Graduada e mestre em Filosofia pela Universidade Federal do Rio de Janeiro – UFRJ, Lia Levy é doutora e pós-doutora em História da Filosofia Moderna pela Universidade de Paris IV, Sorbonne, na França, com a tese La conscience de soi selon l'Éthique de Spinoza. Também na Sorbonne cursou pós-doutorado. Leciona na Universidade Federal do Rio Grande do Sul – UFRGS e é autora de O autômato espiritual. A subjetividade moderna segundo A Ética de Espinosa (Porto Alegre, RS: L&PM Editores, 1998) e organizou Descartes – objecter et répondre (Paris, França: Presses Universitaires de France, 1994).

Confira a entrevista.

IHU On-Line – Como podemos compreender a Ética de Spinoza dentro do contexto de seu pensamento?

Lia Levy – A Ética demonstrada segundo a ordem dos geômetras (Ethica ordine geometra demonstrata) é, sem dúvida alguma, a principal obra escrita por Baruch de Spinoza, à qual ele se referia como “minha filosofia” (Tratado da reforma do intelecto §3, nota). Embora ela tenha sido publicada somente após sua morte, em 1677, muitos de seus contemporâneos tomaram conhecimento de seu conteúdo, seja através de cópias que circularam, seja por intermédio dos muitos comentários que suscitou.

Autor de poucas obras se comparados a outros filósofos, Spinoza publicou apenas duas em vida: Renati Descartes principiorum philosophiae mori geometrico demonstrata (Princípios da filosofia de René Descartes demonstrados à maneira dos geômetras) e o Tractatus theologico-politicus (Tratado teológico-político), publicado anonimamente. As restantes, permaneceram inéditas até a publicação de sua Opera Posthuma em 1677: além da Ética, o Tractatus de intellectu emendatione (Tratado da reforma do intelecto), o Tractatus politicus (Tratado político), ambos inacabados; e descoberto apenas bem mais tarde, o Korte verhandeling van's menschen leven, gezondheid, ziekte dood (Breve tratado sobre a vida dos homens seu bem-estar, sua doença e sua morte).

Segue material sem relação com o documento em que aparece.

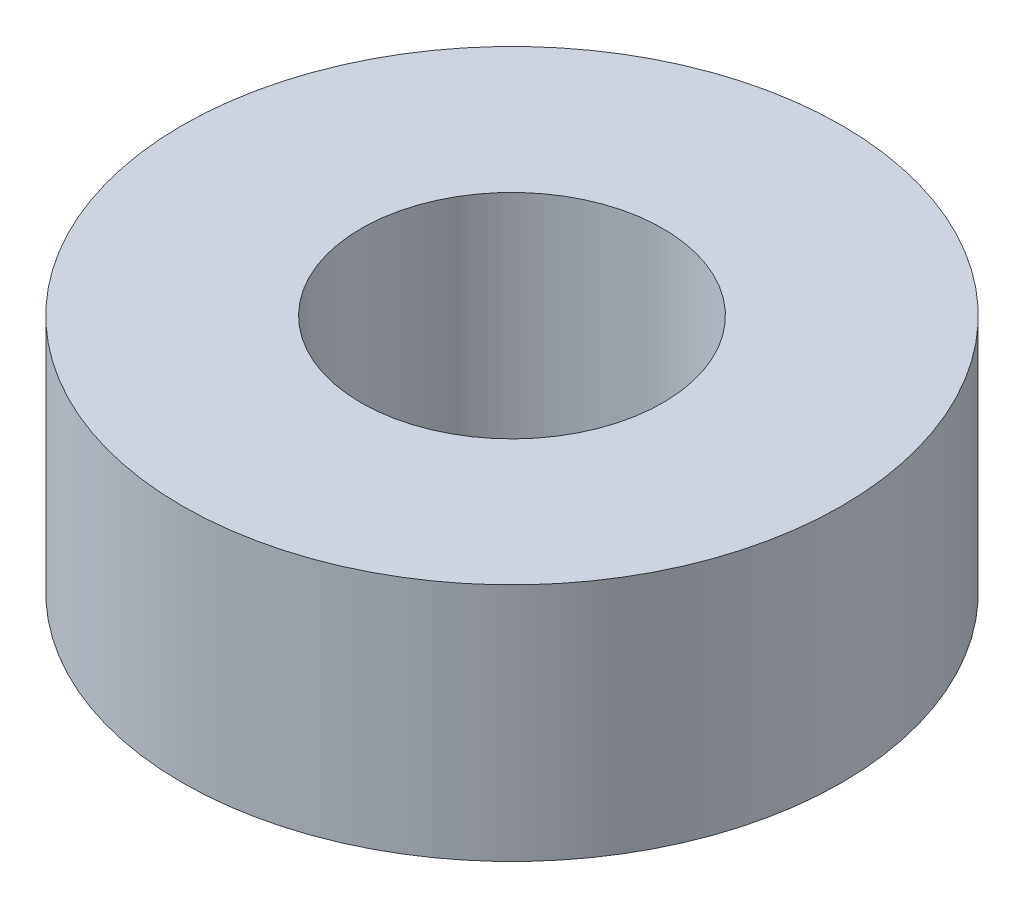
ISO-10303-21;
HEADER;
FILE_DESCRIPTION(('STEP AP214'),'2;1');
FILE_NAME('part.step','',(''),(''),'','','');
FILE_SCHEMA(('AUTOMOTIVE_DESIGN { 1 0 10303 214 1 1 1 1 }'));
ENDSEC;
DATA;
#1=APPLICATION_CONTEXT('core data for automotive mechanical design processes');
#2=APPLICATION_PROTOCOL_DEFINITION('international standard','automotive_design',2000,#1);
#3=PRODUCT_CONTEXT('',#1,'mechanical');
#4=PRODUCT('Part','Part','',(#3));
#5=PRODUCT_RELATED_PRODUCT_CATEGORY('part','',(#4));
#6=PRODUCT_DEFINITION_FORMATION('','',#4);
#7=PRODUCT_DEFINITION_CONTEXT('part definition',#1,'design');
#8=PRODUCT_DEFINITION('design','',#6,#7);
#9=PRODUCT_DEFINITION_SHAPE('','',#8);
#10=(LENGTH_UNIT() NAMED_UNIT(*) SI_UNIT(.MILLI.,.METRE.));
#11=(NAMED_UNIT(*) PLANE_ANGLE_UNIT() SI_UNIT($,.RADIAN.));
#12=(NAMED_UNIT(*) SI_UNIT($,.STERADIAN.) SOLID_ANGLE_UNIT());
#13=UNCERTAINTY_MEASURE_WITH_UNIT(LENGTH_MEASURE(1.E-05),#10,'distance_accuracy_value','');
#14=(GEOMETRIC_REPRESENTATION_CONTEXT(3) GLOBAL_UNCERTAINTY_ASSIGNED_CONTEXT((#13)) GLOBAL_UNIT_ASSIGNED_CONTEXT((#10,
#11,#12)) REPRESENTATION_CONTEXT('',''));
#15=CARTESIAN_POINT('',(0.,0.,0.));
#16=DIRECTION('',(0.,0.,1.));
#17=DIRECTION('',(1.,0.,0.));
#18=AXIS2_PLACEMENT_3D('',#15,#16,#17);
#19=CARTESIAN_POINT('',(0.,6.35,0.));
#20=DIRECTION('',(0.,1.,0.));
#21=DIRECTION('',(0.,0.,1.));
#22=AXIS2_PLACEMENT_3D('',#19,#20,#21);
#23=PLANE('',#22);
#24=CARTESIAN_POINT('',(0.,6.35,0.));
#25=DIRECTION('',(0.,1.,0.));
#26=DIRECTION('',(0.,0.,1.));
#27=AXIS2_PLACEMENT_3D('',#24,#25,#26);
#28=CIRCLE('',#27,8.7376);
#29=CARTESIAN_POINT('',(0.,6.35,8.7376));
#30=VERTEX_POINT('',#29);
#31=EDGE_CURVE('E10',#30,#30,#28,.T.);
#32=ORIENTED_EDGE('',*,*,#31,.T.);
#33=EDGE_LOOP('',(#32));
#34=FACE_BOUND('',#33,.T.);
#35=CARTESIAN_POINT('',(0.,6.35,0.));
#36=DIRECTION('',(0.,1.,0.));
#37=DIRECTION('',(0.,0.,1.));
#38=AXIS2_PLACEMENT_3D('',#35,#36,#37);
#39=CIRCLE('',#38,4.0005);
#40=CARTESIAN_POINT('',(0.,6.35,4.0005));
#41=VERTEX_POINT('',#40);
#42=EDGE_CURVE('E42',#41,#41,#39,.T.);
#43=ORIENTED_EDGE('',*,*,#42,.F.);
#44=EDGE_LOOP('',(#43));
#45=FACE_BOUND('',#44,.T.);
#46=ADVANCED_FACE('F31',(#34,#45),#23,.T.);
#47=CARTESIAN_POINT('',(0.,0.,0.));
#48=DIRECTION('',(0.,1.,0.));
#49=DIRECTION('',(0.,0.,1.));
#50=AXIS2_PLACEMENT_3D('',#47,#48,#49);
#51=PLANE('',#50);
#52=CARTESIAN_POINT('',(0.,0.,0.));
#53=DIRECTION('',(0.,1.,0.));
#54=DIRECTION('',(0.,0.,1.));
#55=AXIS2_PLACEMENT_3D('',#52,#53,#54);
#56=CIRCLE('',#55,8.7376);
#57=CARTESIAN_POINT('',(0.,0.,8.7376));
#58=VERTEX_POINT('',#57);
#59=EDGE_CURVE('E35',#58,#58,#56,.T.);
#60=ORIENTED_EDGE('',*,*,#59,.F.);
#61=EDGE_LOOP('',(#60));
#62=FACE_BOUND('',#61,.T.);
#63=CARTESIAN_POINT('',(0.,0.,0.));
#64=DIRECTION('',(0.,1.,0.));
#65=DIRECTION('',(0.,0.,1.));
#66=AXIS2_PLACEMENT_3D('',#63,#64,#65);
#67=CIRCLE('',#66,4.0005);
#68=CARTESIAN_POINT('',(0.,0.,4.0005));
#69=VERTEX_POINT('',#68);
#70=EDGE_CURVE('E44',#69,#69,#67,.T.);
#71=ORIENTED_EDGE('',*,*,#70,.T.);
#72=EDGE_LOOP('',(#71));
#73=FACE_BOUND('',#72,.T.);
#74=ADVANCED_FACE('F54',(#62,#73),#51,.F.);
#75=CARTESIAN_POINT('',(0.,6.35,0.));
#76=DIRECTION('',(0.,-1.,0.));
#77=DIRECTION('',(0.,0.,-1.));
#78=AXIS2_PLACEMENT_3D('',#75,#76,#77);
#79=CYLINDRICAL_SURFACE('',#78,8.7376);
#80=ORIENTED_EDGE('',*,*,#31,.F.);
#81=EDGE_LOOP('',(#80));
#82=FACE_BOUND('',#81,.T.);
#83=ORIENTED_EDGE('',*,*,#59,.T.);
#84=EDGE_LOOP('',(#83));
#85=FACE_BOUND('',#84,.T.);
#86=ADVANCED_FACE('F33',(#82,#85),#79,.T.);
#87=CARTESIAN_POINT('',(0.,6.35,0.));
#88=DIRECTION('',(0.,-1.,0.));
#89=DIRECTION('',(0.,0.,-1.));
#90=AXIS2_PLACEMENT_3D('',#87,#88,#89);
#91=CYLINDRICAL_SURFACE('',#90,4.0005);
#92=ORIENTED_EDGE('',*,*,#42,.T.);
#93=EDGE_LOOP('',(#92));
#94=FACE_BOUND('',#93,.T.);
#95=ORIENTED_EDGE('',*,*,#70,.F.);
#96=EDGE_LOOP('',(#95));
#97=FACE_BOUND('',#96,.T.);
#98=ADVANCED_FACE('F50',(#94,#97),#91,.F.);
#99=CLOSED_SHELL('',(#46,#74,#86,#98));
#100=MANIFOLD_SOLID_BREP('B2',#99);
#101=ADVANCED_BREP_SHAPE_REPRESENTATION('',(#18,#100),#14);
#102=SHAPE_DEFINITION_REPRESENTATION(#9,#101);
ENDSEC;
END-ISO-10303-21;

Não creio que seja o caso descrever aqui, por pouco que seja, cada uma dessas obras, mas a simples leitura desses títulos, juntamente com a afirmação de que considerava a Ética como sua filosofia, parece-me suficiente para evidenciar o caráter essencialmente prático do pensamento de Spinoza. E com isso quero assinalar que a questão filosófica por excelência para esse autor é a busca de uma vida moral plena.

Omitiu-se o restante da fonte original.